Memorias del veneno IX

Federico conoció el amor de la forma menos dulce, lo conoció con la tragedia, el dolor y lágrimas. Descubrió que estar enamorado del amor era más conveniente que de la persona. Sus ires y venires estaban llenos de romanticismo puro, de pasión fulminante y cariño, pero sólo para el amor.

M había sido su catalizador, había sido su primer amor hasta que le mostró el otro lado del sentimiento. No sólo de las mariposas en el estómago sino de las dagas enterradas y de las heridas que se mantenían abiertas. El amor, ese veneno que se funde con la pasión eran una enfermedad que nunca podría dejar ir, de la que nunca se curaría, pero que sabía condonarla con abrazos ligeros, noches de ajetreo y caricias sin promesas.
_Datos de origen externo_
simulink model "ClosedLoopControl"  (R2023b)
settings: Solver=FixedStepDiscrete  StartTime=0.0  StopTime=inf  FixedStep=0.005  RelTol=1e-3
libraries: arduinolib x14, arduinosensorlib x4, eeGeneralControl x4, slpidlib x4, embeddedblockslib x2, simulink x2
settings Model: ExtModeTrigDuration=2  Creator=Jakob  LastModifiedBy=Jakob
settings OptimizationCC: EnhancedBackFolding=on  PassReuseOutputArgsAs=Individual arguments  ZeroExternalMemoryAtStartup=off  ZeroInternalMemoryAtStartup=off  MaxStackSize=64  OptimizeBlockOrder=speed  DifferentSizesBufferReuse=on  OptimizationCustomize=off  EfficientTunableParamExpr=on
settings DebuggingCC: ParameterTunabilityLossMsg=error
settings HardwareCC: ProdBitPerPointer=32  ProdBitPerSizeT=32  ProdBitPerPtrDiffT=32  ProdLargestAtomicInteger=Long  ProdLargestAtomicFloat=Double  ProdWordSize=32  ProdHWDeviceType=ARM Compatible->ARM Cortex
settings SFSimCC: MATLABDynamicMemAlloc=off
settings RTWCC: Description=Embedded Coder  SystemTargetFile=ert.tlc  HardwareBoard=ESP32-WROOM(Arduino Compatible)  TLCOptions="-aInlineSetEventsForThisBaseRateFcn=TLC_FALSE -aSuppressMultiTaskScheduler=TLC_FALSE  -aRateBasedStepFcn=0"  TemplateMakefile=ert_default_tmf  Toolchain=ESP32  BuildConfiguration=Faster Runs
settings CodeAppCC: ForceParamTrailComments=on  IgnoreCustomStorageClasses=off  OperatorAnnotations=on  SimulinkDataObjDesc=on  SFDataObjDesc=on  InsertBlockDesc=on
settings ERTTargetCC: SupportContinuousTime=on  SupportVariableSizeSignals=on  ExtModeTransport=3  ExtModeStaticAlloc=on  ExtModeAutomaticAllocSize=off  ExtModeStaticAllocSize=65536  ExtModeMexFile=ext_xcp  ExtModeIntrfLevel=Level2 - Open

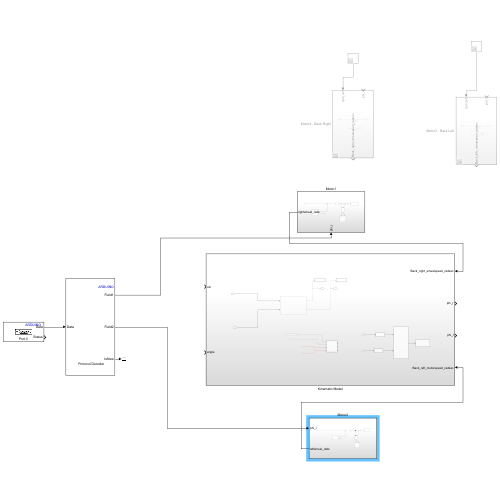
[thumbnail: Simulink's stored preview of the top-level diagram]
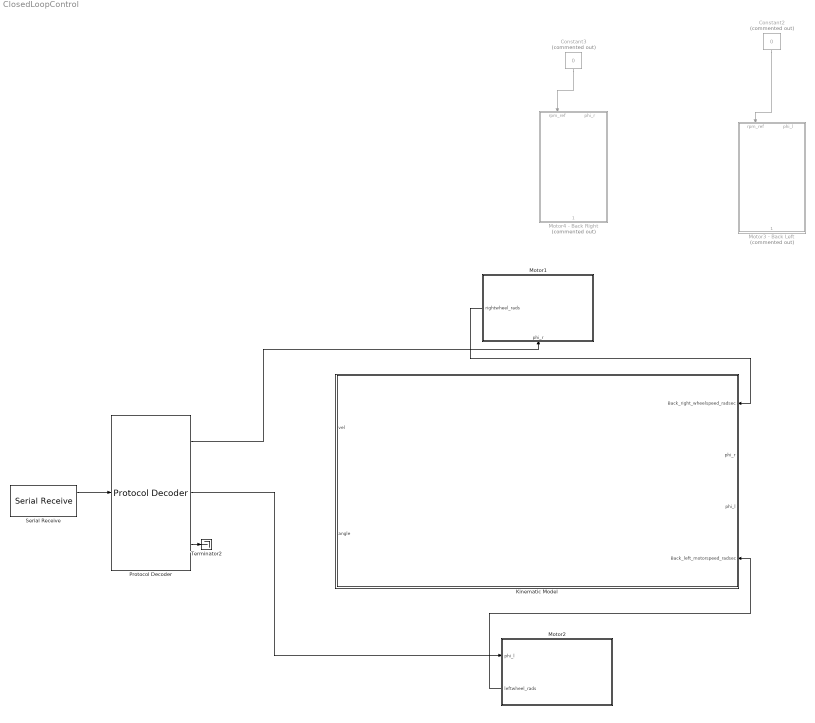
== system ClosedLoopControl ==
  Constant2 : Constant  Commented=on  Value=0
  Constant3 : Constant  Commented=on  Value=0
  Kinematic Model : Subsystem
      settings: PortSchema="{\"entries\":[{\"content\":{\"sides\":[{\"content\":{\"connectorIds\":[\"In1\",\"In2\"]},\"type\":\"ConnectorPlacement.EquallySpacedRectSide\",\"uuid\":\"bea487b3-b9a6-4df2-9051-f476a43b63d0\"},{\"content\":{\"connectorIds\":[\"In3\",\"Out1\",\"Out2\",\"In4\"],\"side\":\"RIGHT\"},\"type\":\"ConnectorPlacement.EquallySpacedRectSide\",\"uuid\":\"7b0ea2f1-f889-4d4a-8825-aa604977931d\"},{\"content\":{\"side\":\"TOP\"},\"type\":\"ConnectorPlacement.EquallySpacedRectSide\",\"uuid\":\"9098ab21-ef51-46af-af75-8fe6529eb13c\"}]},\"type\":\"ConnectorPlacement.EquallySpacedConnector\",\"uuid\":\"e0384f79-f267-486d-9835-e037e5e58d79\"}],\"packageUris\":[\"http://schema.mathworks.com/mf0/Connector/R2020b\"],\"version\":\"1.0\"}"
  Motor1 : Subsystem
      settings: PortSchema="{\"entries\":[{\"content\":{\"sides\":[{\"content\":{},\"type\":\"ConnectorPlacement.EquallySpacedRectSide\",\"uuid\":\"e90522e1-f096-4247-8870-f151728acb54\"},{\"content\":{\"connectorIds\":[\"Out1\"],\"side\":\"RIGHT\"},\"type\":\"ConnectorPlacement.EquallySpacedRectSide\",\"uuid\":\"14a2659e-e07a-4a14-8c7c-2c374d5141ee\"},{\"content\":{\"connectorIds\":[\"In1\"],\"side\":\"TOP\"},\"type\":\"ConnectorPlacement.EquallySpacedRectSide\",\"uuid\":\"95453d09-0c33-4ffa-a097-d1ecacc3e87c\"}]},\"type\":\"ConnectorPlacement.EquallySpacedConnector\",\"uuid\":\"f979addb-97c9-400b-8ed4-2cf1cffe9c36\"}],\"packageUris\":[\"http://schema.mathworks.com/mf0/Connector/R2020b\"],\"version\":\"1.0\"}"
  Motor2 : Subsystem
      settings: PortSchema="{\"entries\":[{\"content\":{\"sides\":[{\"content\":{},\"type\":\"ConnectorPlacement.EquallySpacedRectSide\",\"uuid\":\"e90522e1-f096-4247-8870-f151728acb54\"},{\"content\":{\"connectorIds\":[\"In1\",\"Out1\"],\"side\":\"RIGHT\"},\"type\":\"ConnectorPlacement.EquallySpacedRectSide\",\"uuid\":\"14a2659e-e07a-4a14-8c7c-2c374d5141ee\"},{\"content\":{\"side\":\"TOP\"},\"type\":\"ConnectorPlacement.EquallySpacedRectSide\",\"uuid\":\"95453d09-0c33-4ffa-a097-d1ecacc3e87c\"}]},\"type\":\"ConnectorPlacement.EquallySpacedConnector\",\"uuid\":\"f979addb-97c9-400b-8ed4-2cf1cffe9c36\"}],\"packageUris\":[\"http://schema.mathworks.com/mf0/Connector/R2020b\"],\"version\":\"1.0\"}"
  Motor3 - Back Left : Subsystem  Commented=on
  Motor4 - Back Right : Subsystem  Commented=on
  Protocol Decoder : embeddedblockslib/Protocol Decoder  IsParseCSV=off  Header=['$']  FieldTable={ 'Field1', '1', 'single', 'Little endian'; 'Field2', '1', 'single', 'Little endian' }  IsVariableSizeLastField=off  MaxVariableSizeFieldLength=[]  IsChecksumRequired=off  ChecksumAlgorithm=XOR of bytes  ChecksumSize=[]  TerminatorOption=<none>  CustomTerminatorVal=[]  IsInputLengthAvailable=off  Logo=ARDUINO
      settings: LibrarySourceBlock=arduinolib/Protocol Decoder
  Serial Receive : arduinolib/Serial Receive  isARMArch=off  portNumber=0  DataType=uint8  Datalength=9  SampleTime=0.005  showOutStatus=on  blockPlatform=arduino
  Terminator2 : Terminator
  wires:
  Constant2/1 -> Motor3 - Back Left/1(rpm_ref)
  Constant3/1 -> Motor4 - Back Right/1(rpm_ref)
  Motor2/1(leftwheel_rads) -> Kinematic Model/4(Back_left_motorspeed_radsec)
  Motor1/1(rightwheel_rads) -> Kinematic Model/3(Back_right_wheelspeed_radsec)
  Protocol Decoder/3 -> Terminator2/1
  Serial Receive/1 -> Protocol Decoder/1
  Protocol Decoder/1 -> Motor1/1(phi_r)
  Protocol Decoder/2 -> Motor2/1(phi_l)

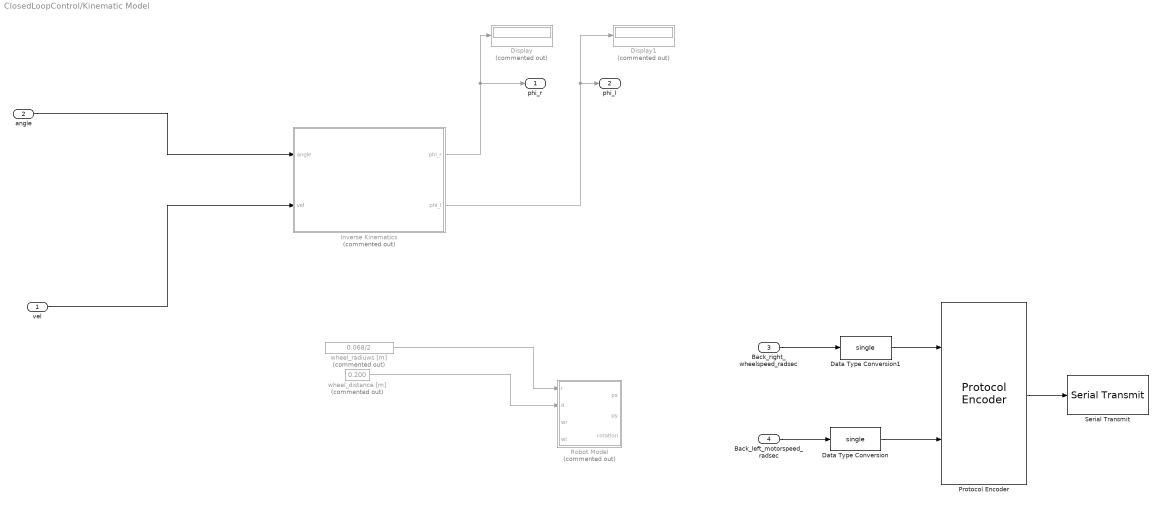
== system ClosedLoopControl/Kinematic Model ==
  vel : Inport
  angle : Inport  Port=2
  Back_right_wheelspeed_radsec : Inport  Port=3
  Back_left_motorspeed_radsec : Inport  Port=4
  Data Type Conversion : DataTypeConversion  OutDataTypeStr=single  SaturateOnIntegerOverflow=off  RndMeth=Floor
  Data Type Conversion1 : DataTypeConversion  OutDataTypeStr=single  SaturateOnIntegerOverflow=off  RndMeth=Floor
  Display : Display  Commented=on
  Display1 : Display  Commented=on
  Inverse Kinematics : Subsystem  Commented=on
  Protocol Encoder : embeddedblockslib/Protocol Encoder  Header=['$']  FieldTable={ 'Field1', '1', 'single', 'Little endian'; 'Field2', '1', 'single', 'Little endian' }  IsChecksumRequired=off  ChecksumAlgorithm=XOR of bytes  ChecksumSize=[]  TerminatorOption=<none>  CustomTerminatorVal=[]  Logo=ARDUINO
      settings: LibrarySourceBlock=arduinolib/Protocol Encoder
  Robot Model : Subsystem  Commented=on
  Serial Transmit : arduinolib/Serial Transmit  portNumber=0  sendmode=write  sendformat=Decimal  floatprecision=2  blockPlatform=arduino
  wheel_distance [m] : Constant  Commented=on  Value=0.200
  wheel_radiuws [m] : Constant  Commented=on  Value=0.068/2
  phi_r : Outport
  phi_l : Outport  Port=2
  wires:
  wheel_radiuws [m]/1 -> Robot Model/1(r)
  wheel_distance [m]/1 -> Robot Model/2(d)
  Inverse Kinematics/1(phi_r) -> Display/1, phi_r/1
  Inverse Kinematics/2(phi_l) -> Display1/1, phi_l/1
  ? -> Robot Model/3(wr)
  ? -> Robot Model/4(wl)
  vel/1 -> Inverse Kinematics/2(vel)
  angle/1 -> Inverse Kinematics/1(angle)
  Protocol Encoder/1 -> Serial Transmit/1
  Data Type Conversion/1 -> Protocol Encoder/2
  Data Type Conversion1/1 -> Protocol Encoder/1
  Back_right_wheelspeed_radsec/1 -> Data Type Conversion1/1
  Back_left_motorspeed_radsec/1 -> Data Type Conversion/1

Con M había descubierto la panacea de las relaciones amorosas: no se trataba de estar siempre ni tampoco de vivir felices para siempre. Ellos, decían, estaban juntos sin estarlo, se amaban sin hacerlo, su amor vivía de la histeria ausente, del siguiente encuentro y, por eso, eran víctimas de su propio veneno. Habían seguido con sus vidas, tenían el amor de otros en sus manos y amaban sentirse enamorados. Su acuerdo era conveniente.

Y frío.

No habían hecho el amor en mucho tiempo. La amistad prevalecía, los besos robados jugaban el papel de mantener el acuerdo eterno. La prudencia gobernaba casi todos las noches de apuestas perdidas, pero hacía falta recuperar el sabor, sentir la asfixia, opacar el dolor, aventurarse en el riesgo, deseaban recordar las razones que los habían unido pero que al final preferían mantener por separado: el amor.


-Quiero hacerte el amor, dijo ella un cuanto dubitativa pero con la seguridad de la respuesta afirmativa. Y lo que sucedió fue inmediato, se acostaron a oscuras. Él quería prender la luz, pero no lo dijo.

Tomaron un paliativo para esconder la culpa de la traición y se fundieron.

Se separaron.

-Es sólo un juego-, aseguró M.-Lo sé-, contestó Federico.

-Siempre lo ha sido-, pensó él.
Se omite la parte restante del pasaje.